I wasn't aware of that. I've been pretty disgusted with Symantec but never tried the corporate software. Besides being bloated, Norton used to modify email settings in a way that made my Internet subscribers not be able to access email, which created a support nightmare for me. I'll take a look at the Symantec corporate version.

But I've found both Norton & McAfee to be bloated to the point of dragging systems down. I've had similar problems with AVG version 8+ too, but the problem seems to be limited to older computers (P3 and below machines).

I'm pretty happy with AVAST! free.


----------



## Kung (Jan 19, 2004)

Yeah, there's an obvious difference. I get 'Symantec Endpoint Protection' for free through the Army Reserves; and it is essentially the same thing as Norton Internet Security 2010, I think. (It doesn't have the backup features, which I could care less about.)

I've used both, and while I will admit SEP slows down my laptop a bit, it's nowhere NEAR as bad as NIS would be, or has been on others' computers.

And if you don't want it to scan your email, you just tell it not to. However, while I'm not a huge fan of email scanning, it's been totally invisible so far. 

The BEST part, however, is that believe it or not, I think it's only taking up like 30 Mb or so of RAM. Like I said, and like you said, I'm not a huge fan of *Norton* products, for the same reasons you are; but Symantec products I have no problem with in general (although, of course, I will test run it first to make sure it's worth a darn).


----------



## Kung (Jan 19, 2004)

Nevada said:


> But I've found both Norton & McAfee to be bloated to the point of dragging systems down. I've had similar problems with AVG version 8+ too, but the problem seems to be limited to older computers (P3 and below machines)


I agree with AVG. In general I have no problem with it; HOWEVER, I will say that an update from 8 Free to 9 Free caused a problem in my Dad's computer that could *ONLY* be fixed by formatting and reinstalling Windows.
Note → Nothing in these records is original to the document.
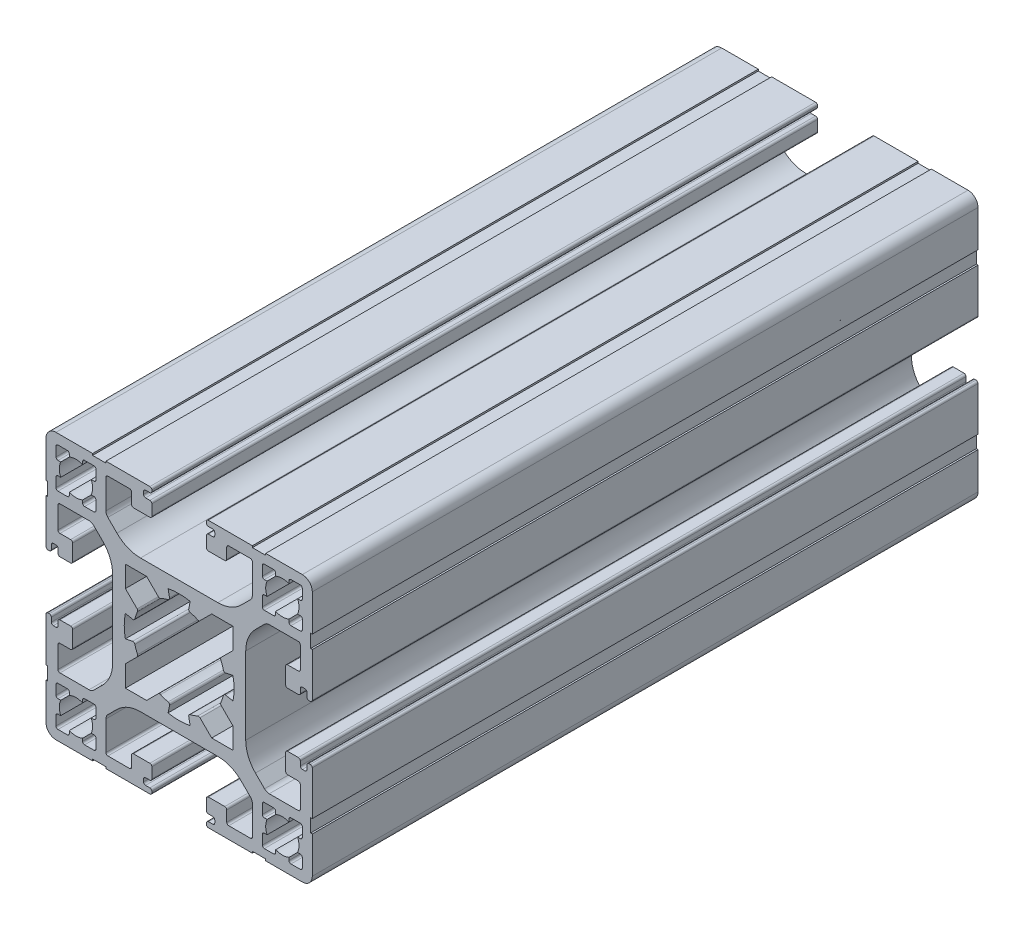
from build123d import *

# Parameters (mm, degrees)
QUADRADO_PF40_01_PERFIL_4040_B_SICO_1_DEPTH = 100


with BuildPart() as part:
    # Sketch1 → Quadrado PF40-01 - PERFIL 4040 BÁSICO(1) (new body)
    with BuildSketch(Plane(origin=(0, 0, 50), x_dir=(0, -1, 0), z_dir=(0, 0, -1))):
        with BuildLine():
            Line((-9.343145751, 11.464466094), (-10.707106781, 12.828427125))
            ThreePointArc((-10.707106781, 12.828427125), (-10.923879533, 13.152850474), (-11, 13.535533906))
            Line((-11, 13.535533906), (-11, 17.9))
            ThreePointArc((-11, 17.9), (-10.912132034, 18.112132034), (-10.7, 18.2))
            Line((-10.7, 18.2), (-7.45, 18.2))
            ThreePointArc((-7.45, 18.2), (-7.237867966, 18.112132034), (-7.15, 17.9))
            Line((-7.15, 17.9), (-7.15, 16.3))
            ThreePointArc((-7.15, 16.3), (-7.062132034, 16.087867966), (-6.85, 16))
            Line((-6.85, 16), (-4.4, 16))
            ThreePointArc((-4.4, 16), (-4.187867966, 16.087867966), (-4.1, 16.3))
            Line((-4.1, 16.3), (-4.1, 17.9))
            ThreePointArc((-4.1, 17.9), (-4.187867966, 18.112132034), (-4.4, 18.2))
            Line((-4.4, 18.2), (-5.05, 18.2))
            ThreePointArc((-5.05, 18.2), (-5.262132034, 18.287867966), (-5.35, 18.5))
            Line((-5.35, 18.5), (-5.35, 18.9))
            ThreePointArc((-5.35, 18.9), (-5.262132034, 19.112132034), (-5.05, 19.2))
            Line((-5.05, 19.2), (-4.4, 19.2))
            ThreePointArc((-4.4, 19.2), (-4.187867966, 19.287867966), (-4.1, 19.5))
            Line((-4.1, 19.5), (-4.1, 19.699999929))
            ThreePointArc((-4.1, 19.699999929), (-4.187867966, 19.912131964), (-4.4, 19.999999929))
            Line((-4.4, 19.999999929), (-10.999999929, 19.999999929))
            Line((-10.999999929, 19.999999929), (-10.999999929, 19.749999873))
            Line((-10.999999929, 19.749999873), (-12.999999929, 19.749999873))
            Line((-12.999999929, 19.749999873), (-12.999999929, 19.999999929))
            Line((-12.999999929, 19.999999929), (-18.499999873, 19.999999929))
            ThreePointArc((-18.499999873, 19.999999929), (-19.560660045, 19.560660101), (-19.999999873, 18.499999929))
            Line((-19.999999873, 18.499999929), (-19.999999873, 12.999999929))
            Line((-19.999999873, 12.999999929), (-19.749999873, 12.999999929))
            Line((-19.749999873, 12.999999929), (-19.749999873, 10.999999929))
            Line((-19.749999873, 10.999999929), (-19.999999929, 10.999999929))
            Line((-19.999999929, 10.999999929), (-19.999999929, 4.4))
            ThreePointArc((-19.999999929, 4.4), (-19.912131964, 4.187867966), (-19.699999929, 4.1))
            Line((-19.699999929, 4.1), (-19.5, 4.1))
            ThreePointArc((-19.5, 4.1), (-19.287867966, 4.187867966), (-19.2, 4.4))
            Line((-19.2, 4.4), (-19.2, 5.05))
            ThreePointArc((-19.2, 5.05), (-19.112132034, 5.262132034), (-18.9, 5.35))
            Line((-18.9, 5.35), (-18.5, 5.35))
            ThreePointArc((-18.5, 5.35), (-18.287867966, 5.262132034), (-18.2, 5.05))
            Line((-18.2, 5.05), (-18.2, 4.4))
            ThreePointArc((-18.2, 4.4), (-18.112132034, 4.187867966), (-17.9, 4.1))
            Line((-17.9, 4.1), (-16.3, 4.1))
            ThreePointArc((-16.3, 4.1), (-16.087867966, 4.187867966), (-16, 4.4))
            Line((-16, 4.4), (-16, 6.85))
            ThreePointArc((-16, 6.85), (-16.087867966, 7.062132034), (-16.3, 7.15))
            Line((-16.3, 7.15), (-17.9, 7.15))
            ThreePointArc((-17.9, 7.15), (-18.112132034, 7.237867966), (-18.2, 7.45))
            Line((-18.2, 7.45), (-18.2, 10.7))
            ThreePointArc((-18.2, 10.7), (-18.112132034, 10.912132034), (-17.9, 11))
            Line((-17.9, 11), (-13.535533906, 11))
            ThreePointArc((-13.535533906, 11), (-13.152850474, 10.923879533), (-12.828427125, 10.707106781))
            Line((-12.828427125, 10.707106781), (-11.464466094, 9.343145751))
            ThreePointArc((-11.464466094, 9.343145751), (-10.380602337, 7.721029006), (-10, 5.807611845))
            Line((-10, 5.807611845), (-10, -5.807611845))
            ThreePointArc((-10, -5.807611845), (-10.380602337, -7.721029006), (-11.464466094, -9.343145751))
            Line((-11.464466094, -9.343145751), (-12.828427125, -10.707106781))
            ThreePointArc((-12.828427125, -10.707106781), (-13.152850474, -10.923879533), (-13.535533906, -11))
            Line((-13.535533906, -11), (-17.9, -11))
            ThreePointArc((-17.9, -11), (-18.112132034, -10.912132034), (-18.2, -10.7))
            Line((-18.2, -10.7), (-18.2, -7.45))
            ThreePointArc((-18.2, -7.45), (-18.112132034, -7.237867966), (-17.9, -7.15))
            Line((-17.9, -7.15), (-16.3, -7.15))
            ThreePointArc((-16.3, -7.15), (-16.087867966, -7.062132034), (-16, -6.85))
            Line((-16, -6.85), (-16, -4.4))
            ThreePointArc((-16, -4.4), (-16.087867966, -4.187867966), (-16.3, -4.1))
            Line((-16.3, -4.1), (-17.9, -4.1))
            ThreePointArc((-17.9, -4.1), (-18.112132034, -4.187867966), (-18.2, -4.4))
            Line((-18.2, -4.4), (-18.2, -5.05))
            ThreePointArc((-18.2, -5.05), (-18.287867966, -5.262132034), (-18.5, -5.35))
            Line((-18.5, -5.35), (-18.9, -5.35))
            ThreePointArc((-18.9, -5.35), (-19.112132034, -5.262132034), (-19.2, -5.05))
            Line((-19.2, -5.05), (-19.2, -4.4))
            ThreePointArc((-19.2, -4.4), (-19.287867966, -4.187867966), (-19.5, -4.1))
            Line((-19.5, -4.1), (-19.699999929, -4.1))
            ThreePointArc((-19.699999929, -4.1), (-19.912131964, -4.187867966), (-19.999999929, -4.4))
            Line((-19.999999929, -4.4), (-19.999999929, -10.999999929))
            Line((-19.999999929, -10.999999929), (-19.749999873, -10.999999929))
            Line((-19.749999873, -10.999999929), (-19.749999873, -12.999999929))
            Line((-19.749999873, -12.999999929), (-19.999999873, -12.999999929))
            Line((-19.999999873, -12.999999929), (-19.999999873, -18.499999929))
            ThreePointArc((-19.999999873, -18.499999929), (-19.560660045, -19.560660101), (-18.499999873, -19.999999929))
            Line((-18.499999873, -19.999999929), (-12.999999929, -19.999999929))
            Line((-12.999999929, -19.999999929), (-12.999999929, -19.749999873))
            Line((-12.999999929, -19.749999873), (-10.999999929, -19.749999873))
            Line((-10.999999929, -19.749999873), (-10.999999929, -19.999999929))
            Line((-10.999999929, -19.999999929), (-4.4, -19.999999929))
            ThreePointArc((-4.4, -19.999999929), (-4.187867966, -19.912131964), (-4.1, -19.699999929))
            Line((-4.1, -19.699999929), (-4.1, -19.5))
            ThreePointArc((-4.1, -19.5), (-4.187867966, -19.287867966), (-4.4, -19.2))
            Line((-4.4, -19.2), (-5.05, -19.2))
            ThreePointArc((-5.05, -19.2), (-5.262132034, -19.112132034), (-5.35, -18.9))
            Line((-5.35, -18.9), (-5.35, -18.5))
            ThreePointArc((-5.35, -18.5), (-5.262132034, -18.287867966), (-5.05, -18.2))
            Line((-5.05, -18.2), (-4.4, -18.2))
            ThreePointArc((-4.4, -18.2), (-4.187867966, -18.112132034), (-4.1, -17.9))
            Line((-4.1, -17.9), (-4.1, -16.3))
            ThreePointArc((-4.1, -16.3), (-4.187867966, -16.087867966), (-4.4, -16))
            Line((-4.4, -16), (-6.85, -16))
            ThreePointArc((-6.85, -16), (-7.062132034, -16.087867966), (-7.15, -16.3))
            Line((-7.15, -16.3), (-7.15, -17.9))
            ThreePointArc((-7.15, -17.9), (-7.237867966, -18.112132034), (-7.45, -18.2))
            Line((-7.45, -18.2), (-10.7, -18.2))
            ThreePointArc((-10.7, -18.2), (-10.912132034, -18.112132034), (-11, -17.9))
            Line((-11, -17.9), (-11, -13.535533906))
            ThreePointArc((-11, -13.535533906), (-10.923879533, -13.152850474), (-10.707106781, -12.828427125))
            Line((-10.707106781, -12.828427125), (-9.343145751, -11.464466094))
            ThreePointArc((-9.343145751, -11.464466094), (-7.721029006, -10.380602337), (-5.807611845, -10))
            Line((-5.807611845, -10), (5.807611845, -10))
            ThreePointArc((5.807611845, -10), (7.721029006, -10.380602337), (9.343145751, -11.464466094))
            Line((9.343145751, -11.464466094), (10.707106781, -12.828427125))
            ThreePointArc((10.707106781, -12.828427125), (10.923879533, -13.152850474), (11, -13.535533906))
            Line((11, -13.535533906), (11, -17.9))
            ThreePointArc((11, -17.9), (10.912132034, -18.112132034), (10.7, -18.2))
            Line((10.7, -18.2), (7.45, -18.2))
            ThreePointArc((7.45, -18.2), (7.237867966, -18.112132034), (7.15, -17.9))
            Line((7.15, -17.9), (7.15, -16.3))
            ThreePointArc((7.15, -16.3), (7.062132034, -16.087867966), (6.85, -16))
            Line((6.85, -16), (4.4, -16))
            ThreePointArc((4.4, -16), (4.187867966, -16.087867966), (4.1, -16.3))
            Line((4.1, -16.3), (4.1, -17.9))
            ThreePointArc((4.1, -17.9), (4.187867966, -18.112132034), (4.4, -18.2))
            Line((4.4, -18.2), (5.05, -18.2))
            ThreePointArc((5.05, -18.2), (5.262132034, -18.287867966), (5.35, -18.5))
            Line((5.35, -18.5), (5.35, -18.9))
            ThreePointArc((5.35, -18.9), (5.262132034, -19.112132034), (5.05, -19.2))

Once you do that, in my book, you've got problems. Obviously we switched.


----------



## glazed (Aug 19, 2006)

I love Kaspersky.


----------



## farmerbrian (Aug 29, 2009)

The best AV is careful websurfing and online interaction. 

Corporate IT security is my day job. Millions of dollars spent to secure the enterprise, or a free desktop AV, both are pretty much just smoke and mirrors.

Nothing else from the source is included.